Conclusions: Current clinical applications of general-purpose LLMs present substantial ethical challenges requiring urgent attention. While structured prompt engineering demonstrated measurable improvements in some domains, with meta-cognitive approaches showing 13.0% performance gains and safety-first prompting reducing critical incidents by 45%, substantial limitations persist across all strategies. Even optimized approaches achieved inadequate performance in communication and empathy (≤ 54% of maximum), retained residual bias patterns (11.7% in safety-first conditions), and exhibited concerning safety deficits, indicating that current prompt engineering methods provide only marginal improvements, which are insufficient for reliable clinical deployment. These findings highlight significant ethical challenges that necessitate further investigation into the development of appropriate guidelines and regulatory frameworks for the clinical use of general-purpose AI models.

Abstract Image

查看原文本刊更多论文

在临床环境中使用通用法学硕士的伦理含义：快速工程策略的比较分析及其对患者安全的影响。

背景：将大型语言模型（llm）快速集成到医疗保健中，引发了对患者安全、可靠性、透明度和公平护理提供的关键伦理问题。尽管没有接受过明确的医疗数据培训，但个人越来越多地使用通用法学硕士来解决医疗问题和临床场景。虽然快速工程可以优化LLM的性能，但其对临床决策的伦理意义仍未得到充分探讨。本研究旨在评估法学硕士临床应用中即时工程策略的伦理维度，重点关注安全性、偏见、透明度及其对医疗保健中负责任的人工智能实施的影响。方法：我们对三个先进且具有推理能力的法学硕士（OpenAI O3、Claude Sonnet 4、谷歌Gemini 2.5 Pro）进行了以伦理学为重点的分析，涉及六种快速工程策略和五种不同伦理复杂性的临床场景。六位专家临床医生评估了90份答复，包括诊断准确性、安全性评估、沟通、同理心和伦理推理。我们特别分析了安全事件、偏见模式和推理过程的透明度。结果：在所有模型和场景中都出现了重大的伦理问题。12.2%的应答发生了严重的安全性问题，集中在复杂的伦理问题上（5级：23.1% vs. 1级：2.3%）。结论：目前通用法学硕士的临床应用面临着重大的伦理挑战，需要紧急关注。虽然结构化提示工程在某些领域显示出可衡量的改进，元认知方法的性能提高了13.0%，安全优先的方法使关键事件减少了45%，但所有策略都存在实质性的局限性。即使优化后的方法在沟通和共情方面的表现也不理想（≤54%的最大值），保留了残留的偏差模式（在安全优先条件下为11.7%），并表现出相关的安全缺陷，这表明目前的提示工程方法只提供了边际改进，不足以用于可靠的临床部署。这些发现突出了重大的伦理挑战，需要进一步研究为通用人工智能模型的临床使用制定适当的指导方针和监管框架。

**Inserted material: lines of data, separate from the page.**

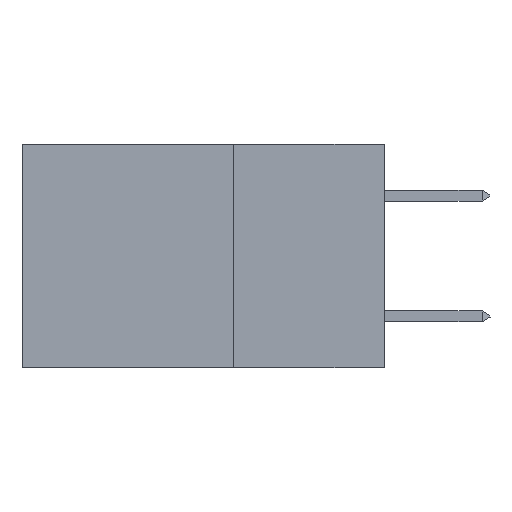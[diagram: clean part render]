
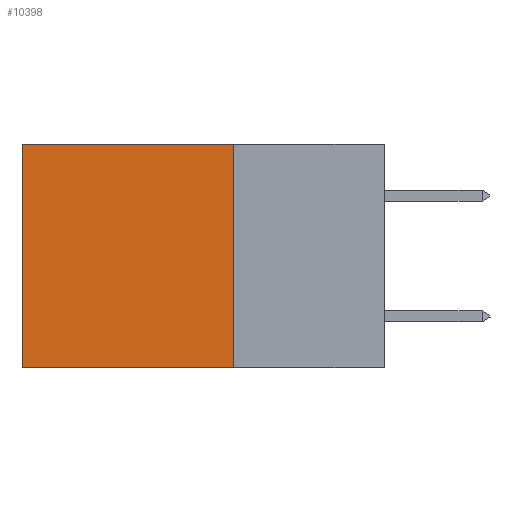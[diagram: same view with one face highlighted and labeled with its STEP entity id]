
A CAD part, left-side view. The second image highlights one B-rep face of the part: STEP entity #10398.
In plain terms, the highlighted planar face has unit normal (-1, 0, 0).
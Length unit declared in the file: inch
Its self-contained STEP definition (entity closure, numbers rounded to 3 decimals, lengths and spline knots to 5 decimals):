
#566 = CARTESIAN_POINT ( 'NONE',  ( 0.2875, 0.25, 0. ) ) ;
#715 = DIRECTION ( 'NONE',  ( 0., 0., -1. ) ) ;
#1139 = CARTESIAN_POINT ( 'NONE',  ( 0.2875, 0.25, 0. ) ) ;
#1355 = VERTEX_POINT ( 'NONE', #20479 ) ;
#2773 = CARTESIAN_POINT ( 'NONE',  ( 0.2875, 0.25, -0.37 ) ) ;
#3085 = DIRECTION ( 'NONE',  ( 0., 1., 0. ) ) ;
#3215 = VECTOR ( 'NONE', #715, 39.37008 ) ;
#6666 = DIRECTION ( 'NONE',  ( 0., 0., -1. ) ) ;
#7570 = VERTEX_POINT ( 'NONE', #12078 ) ;
#9317 = LINE ( 'NONE', #15250, #11248 ) ;
#9320 = VERTEX_POINT ( 'NONE', #2773 ) ;
#9351 = CARTESIAN_POINT ( 'NONE',  ( 0.2875, 0.25, 0. ) ) ;
#10398 = ADVANCED_FACE ( 'NONE', ( #22146 ), #19893, .F. ) ;
#11248 = VECTOR ( 'NONE', #3085, 39.37008 ) ;
#11931 = ORIENTED_EDGE ( 'NONE', *, *, #15052, .T. ) ;
#12025 = ORIENTED_EDGE ( 'NONE', *, *, #18970, .T. ) ;
#12078 = CARTESIAN_POINT ( 'NONE',  ( 0.2875, 0.6, -0.37 ) ) ;
#12701 = VECTOR ( 'NONE', #15050, 39.37008 ) ;
#12896 = EDGE_LOOP ( 'NONE', ( #12025, #17256, #16235, #11931 ) ) ;
#13885 = LINE ( 'NONE', #18659, #17999 ) ;
#14313 = EDGE_CURVE ( 'NONE', #9320, #7570, #16534, .T. ) ;
#14611 = DIRECTION ( 'NONE',  ( 1., 0., 0. ) ) ;
#15050 = DIRECTION ( 'NONE',  ( 0., 1., 0. ) ) ;
#15052 = EDGE_CURVE ( 'NONE', #21138, #1355, #9317, .T. ) ;
#15250 = CARTESIAN_POINT ( 'NONE',  ( 0.2875, 0.25, 0. ) ) ;
#16235 = ORIENTED_EDGE ( 'NONE', *, *, #16634, .F. ) ;
#16534 = LINE ( 'NONE', #18569, #12701 ) ;
#16634 = EDGE_CURVE ( 'NONE', #21138, #9320, #21623, .T. ) ;
#17256 = ORIENTED_EDGE ( 'NONE', *, *, #14313, .F. ) ;
#17999 = VECTOR ( 'NONE', #6666, 39.37008 ) ;
#18295 = DIRECTION ( 'NONE',  ( 0., 0., -1. ) ) ;
#18569 = CARTESIAN_POINT ( 'NONE',  ( 0.2875, 0.25, -0.37 ) ) ;
#18659 = CARTESIAN_POINT ( 'NONE',  ( 0.2875, 0.6, 0. ) ) ;
#18970 = EDGE_CURVE ( 'NONE', #1355, #7570, #13885, .T. ) ;
#19893 = PLANE ( 'NONE',  #20757 ) ;
#20479 = CARTESIAN_POINT ( 'NONE',  ( 0.2875, 0.6, 0. ) ) ;
#20757 = AXIS2_PLACEMENT_3D ( 'NONE', #9351, #14611, #18295 ) ;
#21138 = VERTEX_POINT ( 'NONE', #1139 ) ;
#21623 = LINE ( 'NONE', #566, #3215 ) ;
#22146 = FACE_OUTER_BOUND ( 'NONE', #12896, .T. ) ;

本文章由计算机程序翻译，如有差异，请以英文原文为准。

求助全文

约1分钟内获得全文求助全文

来源期刊

BMC Medical Informatics and Decision Making 医学-医学：信息

CiteScore

7.20

自引率

5.70%

发文量

297

审稿时长

1 months

期刊介绍： BMC Medical Informatics and Decision Making is an open access journal publishing original peer-reviewed research articles in relation to the design, development, implementation, use, and evaluation of health information technologies and decision-making for human health.